READ MORE: FBR suggested reduce corporate tax rate for listed companies
In addition to above, local supply by corporate manufacturers should be excluded from the ambit of income tax withholding under section 153 in line with the general exemption given to commercial importers despite the fact that income tax collection from commercial importers at import stage is minimum.
The PBC highlighted the withholding tax under section 148 of Income Tax Ordinance, 2001 (Imports), Section 161 Subsection 3:
Withholding tax u/s 148 (Imports) -Income Tax Ordinance 2001: Certain raw material covered under category III of Twelfth Schedule are subject to WHT tax and fall under minimum tax regime.
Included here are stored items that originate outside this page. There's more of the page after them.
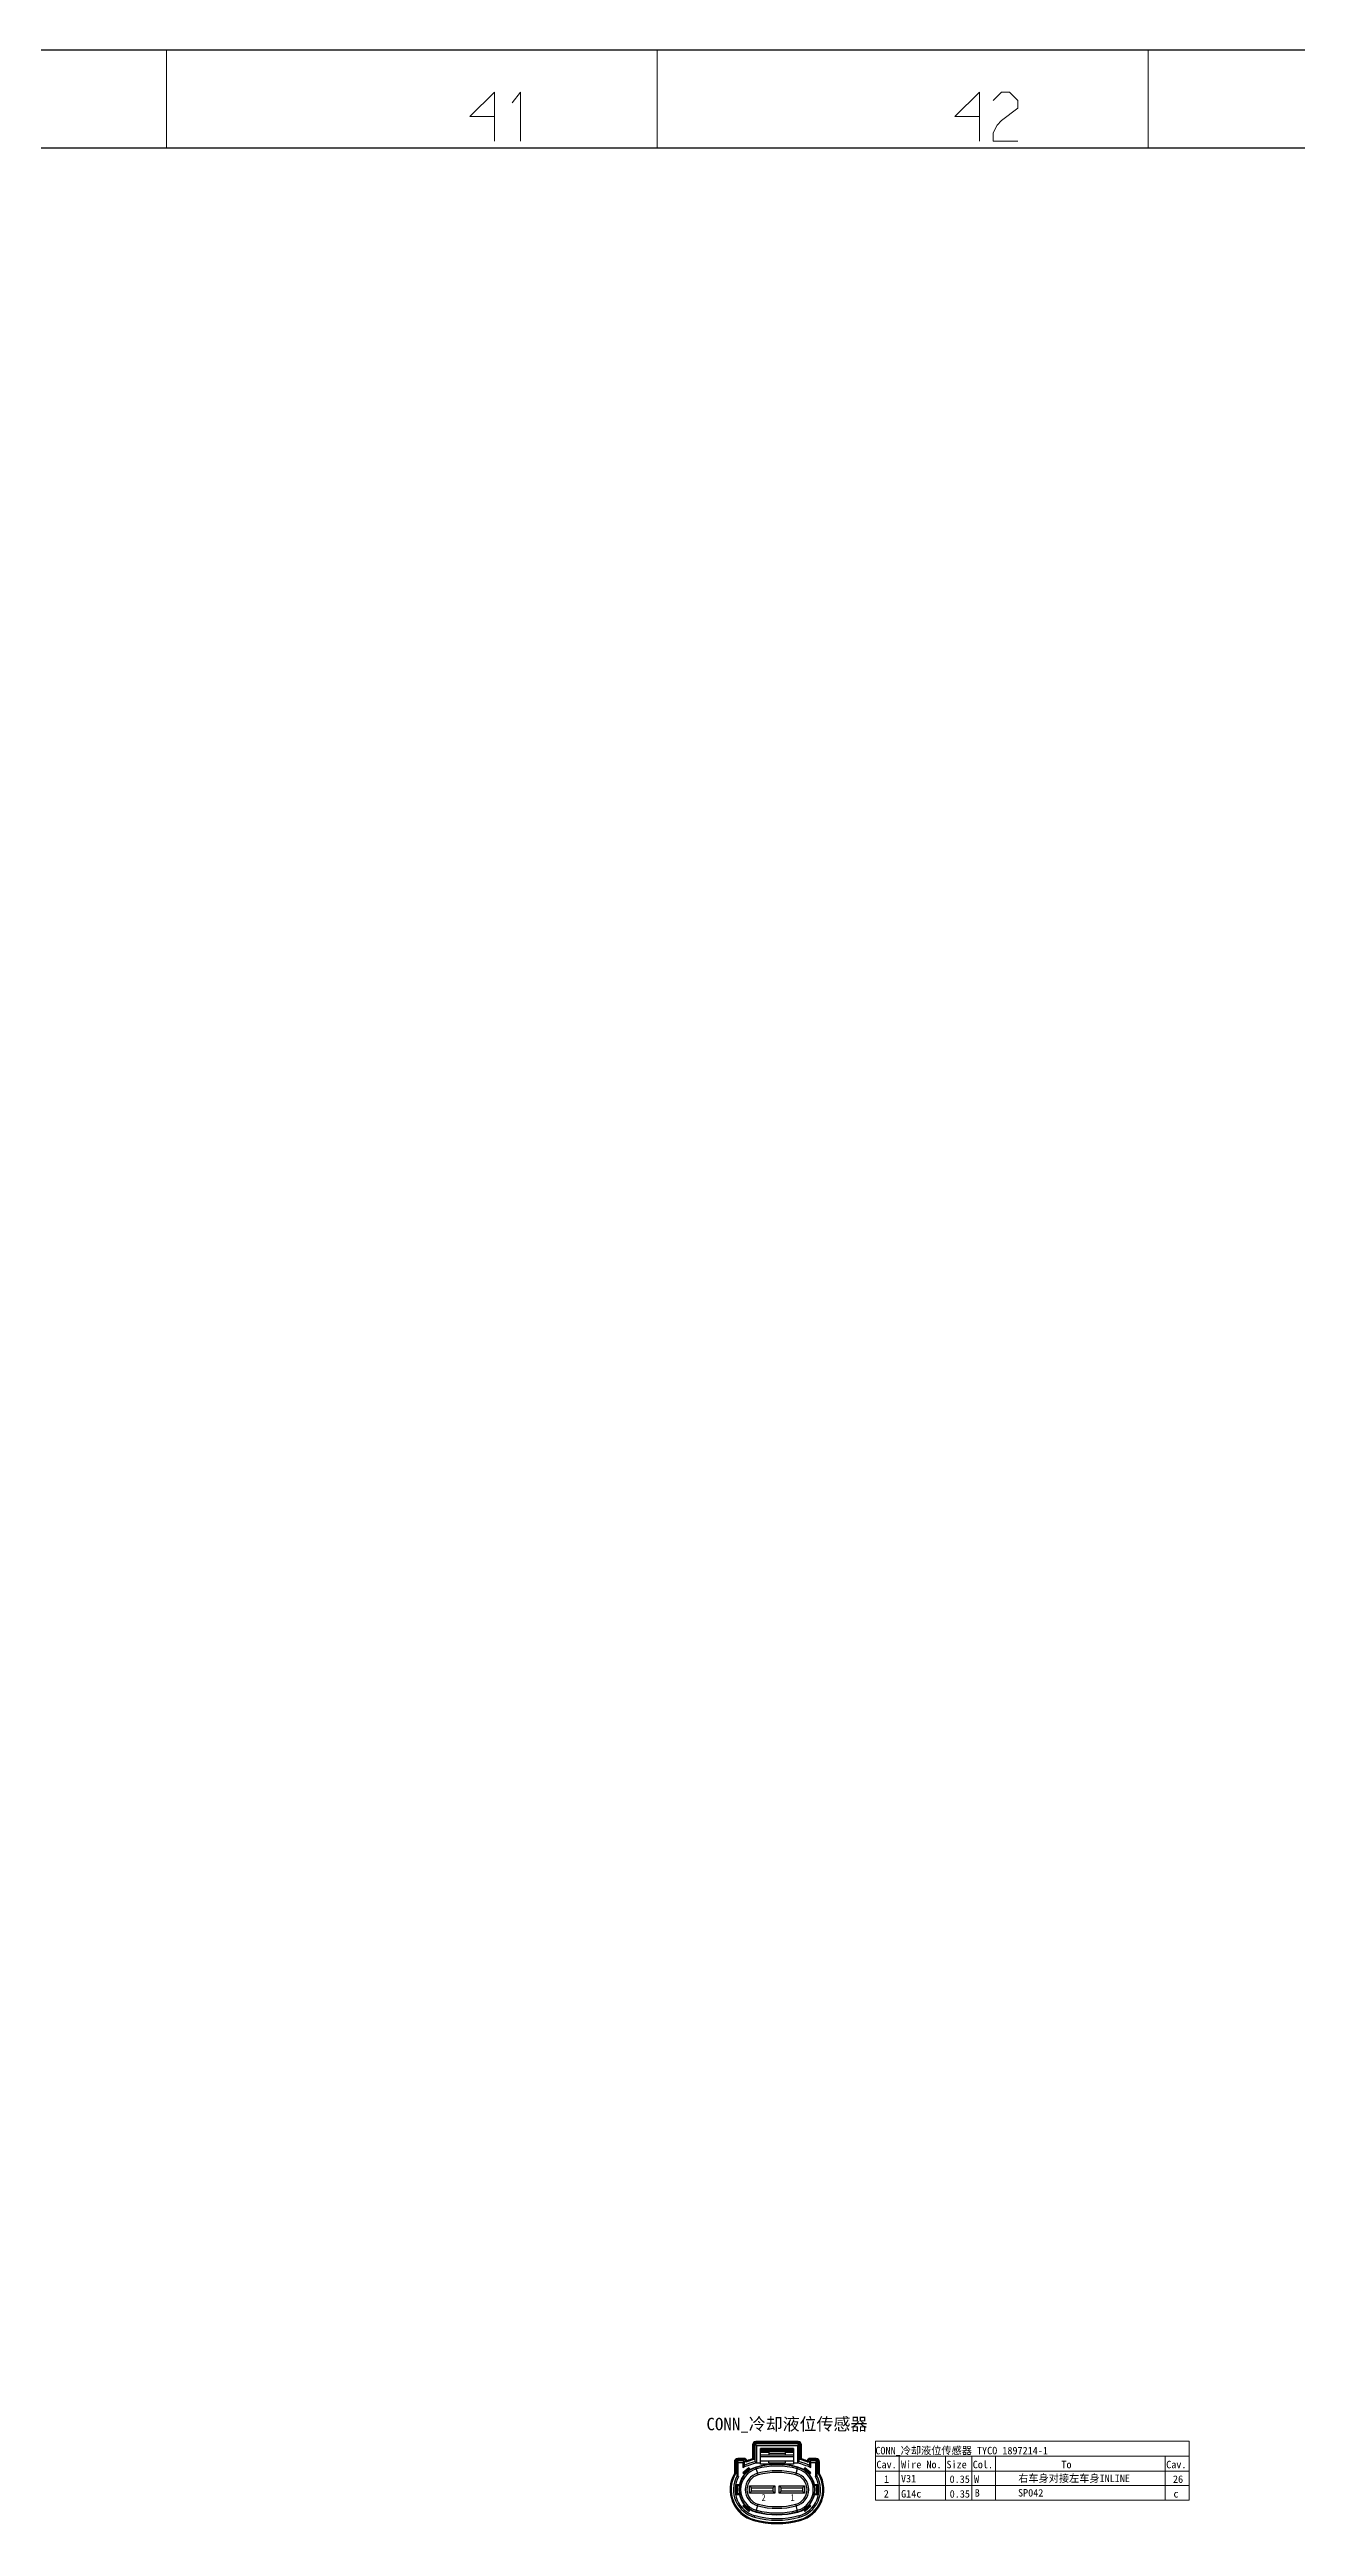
# Model space of a CAD drawing. Header units: millimetres. Extents: x 17 to 3784, y 12 to 1382.
# Drawn here: x 2020.3 to 2147.3, y 1129.1 to 1381.4 of the extents above; entities that cross this region are included whole.
import ezdxf

# ---------------------------------------------------------------- set-up
doc = ezdxf.new("R2010")
doc.units = ezdxf.units.MM
doc.layers.add('全新开发部分', color=7, linetype='Continuous', lineweight=18)
doc.styles.add('FangSong_GB2312_Style', font='simfang.ttf')
doc.styles.add('样式 2', font='', dxfattribs={"width": 0.75})
doc.styles.get('样式 2').set_extended_font_data('宋体')

msp = doc.modelspace()

# ---------------------------------------------------------------- linework, layer by layer
at = {"color": 7, "linetype": 'Continuous'}
for p, q in [((2092.22, 1137.67), (2092.22, 1137.77)), ((2096.52, 1137.77), (2092.22, 1137.77)), ((2096.52, 1137.67), (2092.22, 1137.67)), ((2096.52, 1137.77), (2096.52, 1137.67)), ((2090.03, 1135.72), (2090.03, 1134.52)), ((2090.03, 1135.72), (2090.13, 1135.72)), ((2090.13, 1135.72), (2090.13, 1134.5)), ((2090.27, 1135.82), (2090.27, 1134.25)), ((2090.27, 1135.82), (2090.43, 1135.65)), ((2091.07, 1135.82), (2090.27, 1135.82)), ((2090.37, 1135.95), (2090.37, 1136.05)), ((2090.99, 1136.05), (2090.37, 1136.05)), ((2091.21, 1135.95), (2090.37, 1135.95)), ((2090.43, 1134.21), (2090.43, 1135.65)), ((2090.43, 1135.65), (2090.9, 1135.65)), ((2091.07, 1135.82), (2090.9, 1135.65)), ((2090.9, 1135.65), (2090.9, 1135.12)), ((2091.52, 1135.11), (2090.9, 1134.59)), ((2091.07, 1135.37), (2091.07, 1135.82)), ((2091.21, 1135.68), (2091.21, 1135.95)), ((2091.88, 1136.01), (2091.31, 1135.82)), ((2091.67, 1134.93), (2091.52, 1135.11)), ((2091.88, 1137.43), (2091.88, 1136.01)), ((2091.88, 1137.43), (2091.98, 1137.43)), ((2091.98, 1137.43), (2091.98, 1135.93)), ((2092.12, 1137.53), (2092.12, 1135.72)), ((2092.12, 1137.53), (2092.28, 1137.37)), ((2096.62, 1137.53), (2092.12, 1137.53)), ((2092.45, 1134.39), (2092.23, 1135.18)), ((2092.28, 1137.37), (2092.28, 1135.59)), ((2092.28, 1137.37), (2096.45, 1137.37)), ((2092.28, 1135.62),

READ MORE: Tax cut suggested on dividend paid by exempt entities
In order to claim the advance tax, the tax payers are required to file an application to Commissioner/ Board for claiming adjustment of withholding tax deducted as advance tax, which leads to administrative and operational inefficiencies, and puts the company at the risk of exposure till such application is entertained.
Tax deduction on import of raw material for own use u/s 148 (Imports) should be explicitly expressed as withholding advance tax across the board in the Income Tax Ordinance, which will save the companies from exposure resulting from possible delays in acceptance of application by the Commissioner/ Board or non-acceptance at all. It will remove operational and administrative hassle also.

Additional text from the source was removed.